Normal distribution HELP PLEASE I tried at least 3 times.

Can someone help me with part ii ?
A machine is set to produce nails of length 10 cm, with standard deviation 0.05 cm. The lengths of the nails are normally distributed.
(i) Find the percentage of nails produced between 9.95 cm and 10.08 cm in length. The machine’s setting is moved by a careless apprentice with the consequence that 16% of the nails are under 5.2 cm in length and 20% are over 5.3 cm.
(ii) Find the new mean and standard deviation.


here's what I did, my answer is wrong, is the whole method wrong or did I do sth wrong in the process, should I have thought of another way to go about this ?
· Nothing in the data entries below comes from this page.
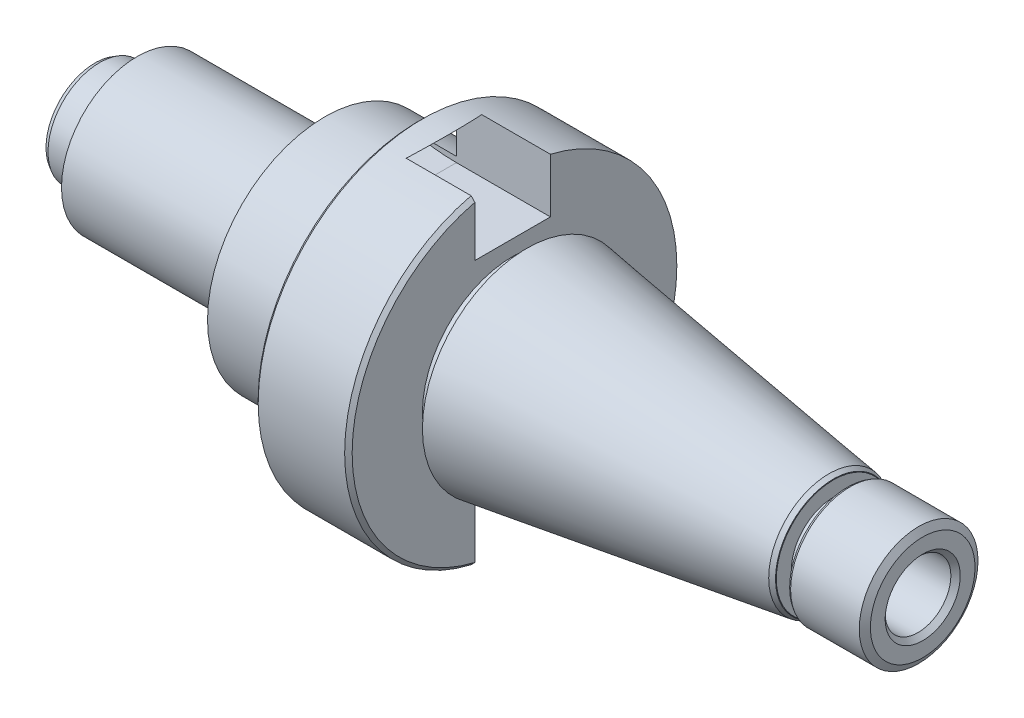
ISO-10303-21;
HEADER;
FILE_DESCRIPTION(('STEP AP214'),'2;1');
FILE_NAME('part.step','',(''),(''),'','','');
FILE_SCHEMA(('AUTOMOTIVE_DESIGN { 1 0 10303 214 1 1 1 1 }'));
ENDSEC;
DATA;
#1=APPLICATION_CONTEXT('core data for automotive mechanical design processes');
#2=APPLICATION_PROTOCOL_DEFINITION('international standard','automotive_design',2000,#1);
#3=PRODUCT_CONTEXT('',#1,'mechanical');
#4=PRODUCT('Part','Part','',(#3));
#5=PRODUCT_RELATED_PRODUCT_CATEGORY('part','',(#4));
#6=PRODUCT_DEFINITION_FORMATION('','',#4);
#7=PRODUCT_DEFINITION_CONTEXT('part definition',#1,'design');
#8=PRODUCT_DEFINITION('design','',#6,#7);
#9=PRODUCT_DEFINITION_SHAPE('','',#8);
#10=(LENGTH_UNIT() NAMED_UNIT(*) SI_UNIT(.MILLI.,.METRE.));
#11=(NAMED_UNIT(*) PLANE_ANGLE_UNIT() SI_UNIT($,.RADIAN.));
#12=(NAMED_UNIT(*) SI_UNIT($,.STERADIAN.) SOLID_ANGLE_UNIT());
#13=UNCERTAINTY_MEASURE_WITH_UNIT(LENGTH_MEASURE(1.E-05),#10,'distance_accuracy_value','');
#14=(GEOMETRIC_REPRESENTATION_CONTEXT(3) GLOBAL_UNCERTAINTY_ASSIGNED_CONTEXT((#13)) GLOBAL_UNIT_ASSIGNED_CONTEXT((#10,
#11,#12)) REPRESENTATION_CONTEXT('',''));
#15=CARTESIAN_POINT('',(0.,0.,0.));
#16=DIRECTION('',(0.,0.,1.));
#17=DIRECTION('',(1.,0.,0.));
#18=AXIS2_PLACEMENT_3D('',#15,#16,#17);
#19=CARTESIAN_POINT('',(-59.0241854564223,5.54189043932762,0.));
#20=DIRECTION('',(-1.,0.,0.));
#21=DIRECTION('',(0.,0.,1.));
#22=AXIS2_PLACEMENT_3D('',#19,#20,#21);
#23=PLANE('',#22);
#24=CARTESIAN_POINT('',(-59.0241854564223,0.,0.));
#25=DIRECTION('',(-1.,0.,0.));
#26=DIRECTION('',(0.,0.,1.));
#27=AXIS2_PLACEMENT_3D('',#24,#25,#26);
#28=CIRCLE('',#27,10.4226497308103);
#29=CARTESIAN_POINT('',(-59.0241854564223,0.,10.4226497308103));
#30=VERTEX_POINT('',#29);
#31=EDGE_CURVE('E292',#30,#30,#28,.T.);
#32=ORIENTED_EDGE('',*,*,#31,.T.);
#33=EDGE_LOOP('',(#32));
#34=FACE_BOUND('',#33,.T.);
#35=CARTESIAN_POINT('',(-59.0241854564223,0.,0.));
#36=DIRECTION('',(-1.,0.,0.));
#37=DIRECTION('',(0.,0.,1.));
#38=AXIS2_PLACEMENT_3D('',#35,#36,#37);
#39=CIRCLE('',#38,5.54189043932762);
#40=CARTESIAN_POINT('',(-59.0241854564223,0.,5.54189043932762));
#41=VERTEX_POINT('',#40);
#42=EDGE_CURVE('E234',#41,#41,#39,.T.);
#43=ORIENTED_EDGE('',*,*,#42,.F.);
#44=EDGE_LOOP('',(#43));
#45=FACE_BOUND('',#44,.T.);
#46=ADVANCED_FACE('F26',(#34,#45),#23,.T.);
#47=CARTESIAN_POINT('',(-30.,0.,0.));
#48=DIRECTION('',(-1.,0.,0.));
#49=DIRECTION('',(0.,0.,1.));
#50=AXIS2_PLACEMENT_3D('',#47,#48,#49);
#51=CYLINDRICAL_SURFACE('',#50,11.);
#52=CARTESIAN_POINT('',(-58.0241854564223,0.,0.));
#53=DIRECTION('',(-1.,0.,0.));
#54=DIRECTION('',(0.,0.,1.));
#55=AXIS2_PLACEMENT_3D('',#52,#53,#54);
#56=CIRCLE('',#55,11.);
#57=CARTESIAN_POINT('',(-58.0241854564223,0.,11.));
#58=VERTEX_POINT('',#57);
#59=EDGE_CURVE('E295',#58,#58,#56,.F.);
#60=ORIENTED_EDGE('',*,*,#59,.T.);
#61=EDGE_LOOP('',(#60));
#62=FACE_BOUND('',#61,.T.);
#63=CARTESIAN_POINT('',(-50.0241854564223,0.,0.));
#64=DIRECTION('',(-1.,0.,0.));
#65=DIRECTION('',(0.,0.,1.));
#66=AXIS2_PLACEMENT_3D('',#63,#64,#65);
#67=CIRCLE('',#66,11.);
#68=CARTESIAN_POINT('',(-50.0241854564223,0.,11.));
#69=VERTEX_POINT('',#68);
#70=EDGE_CURVE('E274',#69,#69,#67,.T.);
#71=ORIENTED_EDGE('',*,*,#70,.T.);
#72=EDGE_LOOP('',(#71));
#73=FACE_BOUND('',#72,.T.);
#74=ADVANCED_FACE('F379',(#62,#73),#51,.T.);
#75=CARTESIAN_POINT('',(-50.0241854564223,11.,0.));
#76=DIRECTION('',(-1.,0.,0.));
#77=DIRECTION('',(0.,0.,1.));
#78=AXIS2_PLACEMENT_3D('',#75,#76,#77);
#79=PLANE('',#78);
#80=CARTESIAN_POINT('',(-50.0241854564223,0.,0.));
#81=DIRECTION('',(-1.,0.,0.));
#82=DIRECTION('',(0.,0.,1.));
#83=AXIS2_PLACEMENT_3D('',#80,#81,#82);
#84=CIRCLE('',#83,16.1195276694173);
#85=CARTESIAN_POINT('',(-50.0241854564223,0.,16.1195276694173));
#86=VERTEX_POINT('',#85);
#87=EDGE_CURVE('E271',#86,#86,#84,.T.);
#88=ORIENTED_EDGE('',*,*,#87,.T.);
#89=EDGE_LOOP('',(#88));
#90=FACE_BOUND('',#89,.T.);
#91=ORIENTED_EDGE('',*,*,#70,.F.);
#92=EDGE_LOOP('',(#91));
#93=FACE_BOUND('',#92,.T.);
#94=ADVANCED_FACE('F385',(#90,#93),#79,.T.);
#95=CARTESIAN_POINT('',(-30.,0.,0.));
#96=DIRECTION('',(-1.,0.,0.));
#97=DIRECTION('',(0.,0.,1.));
#98=AXIS2_PLACEMENT_3D('',#95,#96,#97);
#99=CYLINDRICAL_SURFACE('',#98,16.1195276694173);
#100=ORIENTED_EDGE('',*,*,#87,.F.);
#101=EDGE_LOOP('',(#100));
#102=FACE_BOUND('',#101,.T.);
#103=CARTESIAN_POINT('',(-10.0241854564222,0.,0.));
#104=DIRECTION('',(-1.,0.,0.));
#105=DIRECTION('',(0.,0.,1.));
#106=AXIS2_PLACEMENT_3D('',#103,#104,#105);
#107=CIRCLE('',#106,16.1195276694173);
#108=CARTESIAN_POINT('',(-10.0241854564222,0.,16.1195276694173));
#109=VERTEX_POINT('',#108);
#110=EDGE_CURVE('E268',#109,#109,#107,.T.);
#111=ORIENTED_EDGE('',*,*,#110,.T.);
#112=EDGE_LOOP('',(#111));
#113=FACE_BOUND('',#112,.T.);
#114=ADVANCED_FACE('F464',(#102,#113),#99,.T.);
#115=CARTESIAN_POINT('',(-10.0241854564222,24.9999999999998,0.));
#116=DIRECTION('',(1.,0.,0.));
#117=DIRECTION('',(0.,0.,-1.));
#118=AXIS2_PLACEMENT_3D('',#115,#116,#117);
#119=PLANE('',#118);
#120=ORIENTED_EDGE('',*,*,#110,.F.);
#121=EDGE_LOOP('',(#120));
#122=FACE_BOUND('',#121,.T.);
#123=CARTESIAN_POINT('',(-10.0241854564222,0.,0.));
#124=DIRECTION('',(-1.,0.,0.));
#125=DIRECTION('',(0.,0.,1.));
#126=AXIS2_PLACEMENT_3D('',#123,#124,#125);
#127=CIRCLE('',#126,24.9999999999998);
#128=CARTESIAN_POINT('',(-10.0241854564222,0.,24.9999999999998));
#129=VERTEX_POINT('',#128);
#130=EDGE_CURVE('E265',#129,#129,#127,.T.);
#131=ORIENTED_EDGE('',*,*,#130,.T.);
#132=EDGE_LOOP('',(#131));
#133=FACE_BOUND('',#132,.T.);
#134=ADVANCED_FACE('F460',(#122,#133),#119,.F.);
#135=CARTESIAN_POINT('',(-30.,0.,0.));
#136=DIRECTION('',(-1.,0.,0.));
#137=DIRECTION('',(0.,0.,1.));
#138=AXIS2_PLACEMENT_3D('',#135,#136,#137);
#139=CYLINDRICAL_SURFACE('',#138,24.9999999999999);
#140=ORIENTED_EDGE('',*,*,#130,.F.);
#141=EDGE_LOOP('',(#140));
#142=FACE_BOUND('',#141,.T.);
#143=CARTESIAN_POINT('',(-24.6755664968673,0.,0.));
#144=DIRECTION('',(0.647903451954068,0.761722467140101,0.));
#145=DIRECTION('',(-0.761722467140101,0.647903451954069,0.));
#146=AXIS2_PLACEMENT_3D('',#143,#144,#145);
#147=ELLIPSE('',#146,38.5859959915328,24.9999999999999);
#148=CARTESIAN_POINT('',(3.15083548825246,-23.6684917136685,8.05000000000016));
#149=VERTEX_POINT('',#148);
#150=CARTESIAN_POINT('',(3.15083548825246,-23.6684917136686,-8.04999999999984));
#151=VERTEX_POINT('',#150);
#152=EDGE_CURVE('E187',#149,#151,#147,.T.);
#153=ORIENTED_EDGE('',*,*,#152,.F.);
#154=DIRECTION('',(-1.,0.,0.));
#155=VECTOR('',#154,1.);
#156=CARTESIAN_POINT('',(-30.,-23.6684917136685,8.05000000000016));
#157=LINE('',#156,#155);
#158=CARTESIAN_POINT('',(9.97581454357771,-23.6684917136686,8.05000000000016));
#159=VERTEX_POINT('',#158);
#160=EDGE_CURVE('E184',#149,#159,#157,.F.);
#161=ORIENTED_EDGE('',*,*,#160,.T.);
#162=CARTESIAN_POINT('',(9.97581454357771,0.,0.));
#163=DIRECTION('',(-1.,0.,0.));
#164=DIRECTION('',(0.,0.,1.));
#165=AXIS2_PLACEMENT_3D('',#162,#163,#164);
#166=CIRCLE('',#165,25.);
#167=CARTESIAN_POINT('',(9.97581454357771,23.6684917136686,8.05));
#168=VERTEX_POINT('',#167);
#169=EDGE_CURVE('E261',#159,#168,#166,.T.);
#170=ORIENTED_EDGE('',*,*,#169,.T.);
#171=DIRECTION('',(-1.,0.,0.));
#172=VECTOR('',#171,1.);
#173=CARTESIAN_POINT('',(-30.,23.6684917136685,8.05));
#174=LINE('',#173,#172);
#175=CARTESIAN_POINT('',(3.15083548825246,23.6684917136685,8.05));
#176=VERTEX_POINT('',#175);
#177=EDGE_CURVE('E219',#176,#168,#174,.F.);
#178=ORIENTED_EDGE('',*,*,#177,.F.);
#179=CARTESIAN_POINT('',(-24.6755664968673,0.,0.));
#180=DIRECTION('',(0.647903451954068,-0.761722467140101,0.));
#181=DIRECTION('',(-0.761722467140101,-0.647903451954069,0.));
#182=AXIS2_PLACEMENT_3D('',#179,#180,#181);
#183=ELLIPSE('',#182,38.5859959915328,24.9999999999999);
#184=CARTESIAN_POINT('',(3.15083548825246,23.6684917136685,-8.05));
#185=VERTEX_POINT('',#184);
#186=EDGE_CURVE('E232',#185,#176,#183,.T.);
#187=ORIENTED_EDGE('',*,*,#186,.F.);
#188=DIRECTION('',(-1.,0.,0.));
#189=VECTOR('',#188,1.);
#190=CARTESIAN_POINT('',(-30.,23.6684917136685,-8.05));
#191=LINE('',#190,#189);
#192=CARTESIAN_POINT('',(9.97581454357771,23.6684917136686,-8.05));
#193=VERTEX_POINT('',#192);
#194=EDGE_CURVE('E226',#185,#193,#191,.F.);
#195=ORIENTED_EDGE('',*,*,#194,.T.);
#196=CARTESIAN_POINT('',(9.97581454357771,-23.6684917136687,-8.04999999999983));
#197=VERTEX_POINT('',#196);
#198=EDGE_CURVE('E262',#193,#197,#166,.T.);
#199=ORIENTED_EDGE('',*,*,#198,.T.);
#200=DIRECTION('',(-1.,0.,0.));
#201=VECTOR('',#200,1.);
#202=CARTESIAN_POINT('',(-30.,-23.6684917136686,-8.04999999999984));
#203=LINE('',#202,#201);
#204=EDGE_CURVE('E159',#151,#197,#203,.F.);
#205=ORIENTED_EDGE('',*,*,#204,.F.);
#206=EDGE_LOOP('',(#153,#161,#170,#178,#187,#195,#199,#205));
#207=FACE_BOUND('',#206,.T.);
#208=ADVANCED_FACE('F456',(#142,#207),#139,.T.);
#209=CARTESIAN_POINT('',(9.97581454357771,25.,0.));
#210=DIRECTION('',(-1.,0.,0.));
#211=DIRECTION('',(0.,0.,1.));
#212=AXIS2_PLACEMENT_3D('',#209,#210,#211);
#213=PLANE('',#212);
#214=CARTESIAN_POINT('',(9.97581454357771,0.,0.));
#215=DIRECTION('',(-1.,0.,0.));
#216=DIRECTION('',(0.,0.,1.));
#217=AXIS2_PLACEMENT_3D('',#214,#215,#216);
#218=CIRCLE('',#217,34.2);
#219=CARTESIAN_POINT('',(9.97581454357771,0.,34.2));
#220=VERTEX_POINT('',#219);
#221=EDGE_CURVE('E313',#220,#220,#218,.T.);
#222=ORIENTED_EDGE('',*,*,#221,.T.);
#223=EDGE_LOOP('',(#222));
#224=FACE_BOUND('',#223,.T.);
#225=DIRECTION('',(0.,1.,0.));
#226=VECTOR('',#225,1.);
#227=CARTESIAN_POINT('',(9.97581454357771,-24.9999999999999,8.05000000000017));
#228=LINE('',#227,#226);
#229=CARTESIAN_POINT('',(9.97581454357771,-29.4736604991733,8.05000000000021));
#230=VERTEX_POINT('',#229);
#231=EDGE_CURVE('E175',#230,#159,#228,.T.);
#232=ORIENTED_EDGE('',*,*,#231,.F.);
#233=DIRECTION('',(0.,0.,-1.));
#234=VECTOR('',#233,1.);
#235=CARTESIAN_POINT('',(9.97581454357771,-29.4736604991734,2.05813590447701E-13));
#236=LINE('',#235,#234);
#237=CARTESIAN_POINT('',(9.97581454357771,-29.4736604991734,-8.04999999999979));
#238=VERTEX_POINT('',#237);
#239=EDGE_CURVE('E177',#230,#238,#236,.T.);
#240=ORIENTED_EDGE('',*,*,#239,.T.);
#241=DIRECTION('',(0.,1.,0.));
#242=VECTOR('',#241,1.);
#243=CARTESIAN_POINT('',(9.97581454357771,-25.,-8.04999999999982));
#244=LINE('',#243,#242);
#245=EDGE_CURVE('E509',#238,#197,#244,.T.);
#246=ORIENTED_EDGE('',*,*,#245,.T.);
#247=ORIENTED_EDGE('',*,*,#198,.F.);
#248=DIRECTION('',(0.,-1.,0.));
#249=VECTOR('',#248,1.);
#250=CARTESIAN_POINT('',(9.97581454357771,25.,-8.05));
#251=LINE('',#250,#249);
#252=CARTESIAN_POINT('',(9.97581454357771,29.4736604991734,-8.05));
#253=VERTEX_POINT('',#252);
#254=EDGE_CURVE('E224',#253,#193,#251,.T.);
#255=ORIENTED_EDGE('',*,*,#254,.F.);
#256=DIRECTION('',(0.,0.,1.));
#257=VECTOR('',#256,1.);
#258=CARTESIAN_POINT('',(9.97581454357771,29.4736604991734,0.));
#259=LINE('',#258,#257);
#260=CARTESIAN_POINT('',(9.97581454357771,29.4736604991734,8.05));
#261=VERTEX_POINT('',#260);
#262=EDGE_CURVE('E229',#253,#261,#259,.T.);
#263=ORIENTED_EDGE('',*,*,#262,.T.);
#264=DIRECTION('',(0.,-1.,0.));
#265=VECTOR('',#264,1.);
#266=CARTESIAN_POINT('',(9.97581454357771,25.,8.05));
#267=LINE('',#266,#265);
#268=EDGE_CURVE('E216',#261,#168,#267,.T.);
#269=ORIENTED_EDGE('',*,*,#268,.T.);
#270=ORIENTED_EDGE('',*,*,#169,.F.);
#271=EDGE_LOOP('',(#232,#240,#246,#247,#255,#263,#269,#270));
#272=FACE_BOUND('',#271,.T.);
#273=ADVANCED_FACE('F453',(#224,#272),#213,.T.);
#274=CARTESIAN_POINT('',(-30.,0.,0.));
#275=DIRECTION('',(-1.,0.,0.));
#276=DIRECTION('',(0.,0.,1.));
#277=AXIS2_PLACEMENT_3D('',#274,#275,#276);
#278=CYLINDRICAL_SURFACE('',#277,35.);
#279=CARTESIAN_POINT('',(10.7758145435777,0.,0.));
#280=DIRECTION('',(-1.,0.,0.));
#281=DIRECTION('',(0.,0.,1.));
#282=AXIS2_PLACEMENT_3D('',#279,#280,#281);
#283=CIRCLE('',#282,35.);
#284=CARTESIAN_POINT('',(10.7758145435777,0.,35.));
#285=VERTEX_POINT('',#284);
#286=EDGE_CURVE('E319',#285,#285,#283,.F.);
#287=ORIENTED_EDGE('',*,*,#286,.T.);
#288=EDGE_LOOP('',(#287));
#289=FACE_BOUND('',#288,.T.);
#290=DIRECTION('',(-1.,0.,0.));
#291=VECTOR('',#290,1.);
#292=CARTESIAN_POINT('',(-30.,-34.0616720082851,8.05000000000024));
#293=LINE('',#292,#291);
#294=CARTESIAN_POINT('',(29.2,-34.0616720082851,8.05000000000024));
#295=VERTEX_POINT('',#294);
#296=CARTESIAN_POINT('',(15.3698148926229,-34.0616720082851,8.05000000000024));
#297=VERTEX_POINT('',#296);
#298=EDGE_CURVE('E172',#295,#297,#293,.T.);
#299=ORIENTED_EDGE('',*,*,#298,.F.);
#300=CARTESIAN_POINT('',(29.2,0.,0.));
#301=DIRECTION('',(1.,0.,0.));
#302=DIRECTION('',(0.,0.,-1.));
#303=AXIS2_PLACEMENT_3D('',#300,#301,#302);
#304=CIRCLE('',#303,35.);
#305=CARTESIAN_POINT('',(29.2,34.0616720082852,8.05));
#306=VERTEX_POINT('',#305);
#307=EDGE_CURVE('E316',#295,#306,#304,.F.);
#308=ORIENTED_EDGE('',*,*,#307,.T.);
#309=DIRECTION('',(-1.,0.,0.));
#310=VECTOR('',#309,1.);
#311=CARTESIAN_POINT('',(-30.,34.0616720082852,8.05));
#312=LINE('',#311,#310);
#313=CARTESIAN_POINT('',(15.3698148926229,34.0616720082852,8.05));
#314=VERTEX_POINT('',#313);
#315=EDGE_CURVE('E214',#306,#314,#312,.T.);
#316=ORIENTED_EDGE('',*,*,#315,.T.);
#317=CARTESIAN_POINT('',(-24.6755664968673,0.,0.));
#318=DIRECTION('',(0.647903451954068,-0.761722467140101,0.));
#319=DIRECTION('',(-0.761722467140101,-0.647903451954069,0.));
#320=AXIS2_PLACEMENT_3D('',#317,#318,#319);
#321=ELLIPSE('',#320,54.020394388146,35.);
#322=CARTESIAN_POINT('',(15.3698148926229,34.0616720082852,-8.05));
#323=VERTEX_POINT('',#322);
#324=EDGE_CURVE('E304',#314,#323,#321,.F.);
#325=ORIENTED_EDGE('',*,*,#324,.T.);
#326=DIRECTION('',(-1.,0.,0.));
#327=VECTOR('',#326,1.);
#328=CARTESIAN_POINT('',(-30.,34.0616720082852,-8.05));
#329=LINE('',#328,#327);
#330=CARTESIAN_POINT('',(30.,34.0616720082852,-8.05));
#331=VERTEX_POINT('',#330);
#332=EDGE_CURVE('E222',#331,#323,#329,.T.);
#333=ORIENTED_EDGE('',*,*,#332,.F.);
#334=CARTESIAN_POINT('',(30.,0.,0.));
#335=DIRECTION('',(-1.,0.,0.));
#336=DIRECTION('',(0.,0.,1.));
#337=AXIS2_PLACEMENT_3D('',#334,#335,#336);
#338=CIRCLE('',#337,35.);
#339=CARTESIAN_POINT('',(30.,-34.0616720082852,-8.04999999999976));
#340=VERTEX_POINT('',#339);
#341=EDGE_CURVE('E258',#331,#340,#338,.T.);
#342=ORIENTED_EDGE('',*,*,#341,.T.);
#343=DIRECTION('',(-1.,0.,0.));
#344=VECTOR('',#343,1.);
#345=CARTESIAN_POINT('',(-30.,-34.0616720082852,-8.04999999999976));
#346=LINE('',#345,#344);
#347=CARTESIAN_POINT('',(15.3698148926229,-34.0616720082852,-8.04999999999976));
#348=VERTEX_POINT('',#347);
#349=EDGE_CURVE('E514',#340,#348,#346,.T.);
#350=ORIENTED_EDGE('',*,*,#349,.T.);
#351=CARTESIAN_POINT('',(-24.6755664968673,0.,0.));
#352=DIRECTION('',(0.647903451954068,0.761722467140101,0.));
#353=DIRECTION('',(-0.761722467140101,0.647903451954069,0.));
#354=AXIS2_PLACEMENT_3D('',#351,#352,#353);
#355=ELLIPSE('',#354,54.020394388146,35.);
#356=EDGE_CURVE('E523',#348,#297,#355,.F.);
#357=ORIENTED_EDGE('',*,*,#356,.T.);
#358=EDGE_LOOP('',(#299,#308,#316,#325,#333,#342,#350,#357));
#359=FACE_BOUND('',#358,.T.);
#360=ADVANCED_FACE('F450',(#289,#359),#278,.T.);
#361=CARTESIAN_POINT('',(30.,35.,0.));
#362=DIRECTION('',(1.,0.,0.));
#363=DIRECTION('',(0.,0.,-1.));
#364=AXIS2_PLACEMENT_3D('',#361,#362,#363);
#365=PLANE('',#364);
#366=DIRECTION('',(0.,1.,0.));
#367=VECTOR('',#366,1.);
#368=CARTESIAN_POINT('',(30.,35.,8.05));
#369=LINE('',#368,#367);
#370=CARTESIAN_POINT('',(30.,22.5,8.05));
#371=VERTEX_POINT('',#370);
#372=CARTESIAN_POINT('',(30.,33.2390959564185,8.05));
#373=VERTEX_POINT('',#372);
#374=EDGE_CURVE('E298',#371,#373,#369,.T.);
#375=ORIENTED_EDGE('',*,*,#374,.T.);
#376=CARTESIAN_POINT('',(30.,0.,0.));
#377=DIRECTION('',(1.,0.,0.));
#378=DIRECTION('',(0.,0.,-1.));
#379=AXIS2_PLACEMENT_3D('',#376,#377,#378);
#380=CIRCLE('',#379,34.2);
#381=CARTESIAN_POINT('',(30.,-33.2390959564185,8.05000000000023));
#382=VERTEX_POINT('',#381);
#383=EDGE_CURVE('E40',#373,#382,#380,.T.);
#384=ORIENTED_EDGE('',*,*,#383,.T.);
#385=DIRECTION('',(0.,-1.,0.));
#386=VECTOR('',#385,1.);
#387=CARTESIAN_POINT('',(30.,-34.9999999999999,8.05000000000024));
#388=LINE('',#387,#386);
#389=CARTESIAN_POINT('',(30.,-22.4999999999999,8.05000000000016));
#390=VERTEX_POINT('',#389);
#391=EDGE_CURVE('E164',#390,#382,#388,.T.);
#392=ORIENTED_EDGE('',*,*,#391,.F.);
#393=DIRECTION('',(0.,0.,1.));
#394=VECTOR('',#393,1.);
#395=CARTESIAN_POINT('',(30.,-22.5,1.57116751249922E-13));
#396=LINE('',#395,#394);
#397=CARTESIAN_POINT('',(30.,-22.5000000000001,-8.04999999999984));
#398=VERTEX_POINT('',#397);
#399=EDGE_CURVE('E151',#398,#390,#396,.T.);
#400=ORIENTED_EDGE('',*,*,#399,.F.);
#401=DIRECTION('',(0.,-1.,0.));
#402=VECTOR('',#401,1.);
#403=CARTESIAN_POINT('',(30.,-35.,-8.04999999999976));
#404=LINE('',#403,#402);
#405=EDGE_CURVE('E522',#398,#340,#404,.T.);
#406=ORIENTED_EDGE('',*,*,#405,.T.);
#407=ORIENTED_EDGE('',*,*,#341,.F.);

Method's fine, but you've made a slip when looking up your tables. E.g. -2.14 comes from 1.6%, not 16%.

Method's fine, but you've made a slip when looking up your tables. E.g. -2.14 comes from 1.6%, not 16%.

hello, sorry to bother you again but can you help me in the last part here ?

A factory produces a very large number of steel bars. The lengths of these bars are normally distributed with 33% of them measuring 20.06 cm or more and 12% of them measuring 20.02 cm or less. Write down two simultaneous equations for the mean and standard deviation of the distribution and solve to find values to 4 significant figures. Hence estimate the proportion of steel bars which measure 20.03 cm or more. The bars are acceptable if they measure between 20.02 cm and 20.08 cm. What percentage are rejected as being outside the acceptable range?

The mean is 20.05
Std deviation is 0.0248
20.03 or more : 0.77944

Here's what I did for the last part:
the answer In the ms is 22.6%

Your working is fine, and the problem is down to the accuracy of the figures you're using.

S.D is 0.02477 to 4 sig.fig. You've only quoted it to 3. That may resolve the issue; can't be sure as I used a combination of calculator and 4 fig tables, and got 22.6. But, whether just correcting the s.d. resolves it or not, the problem is the number of sig.fig.s you're using. You may need to use a more accurate value of the mean too.

Ohh, okay then I shoudn't round at all. I just tried it using the exact values of each and it worked, thank you.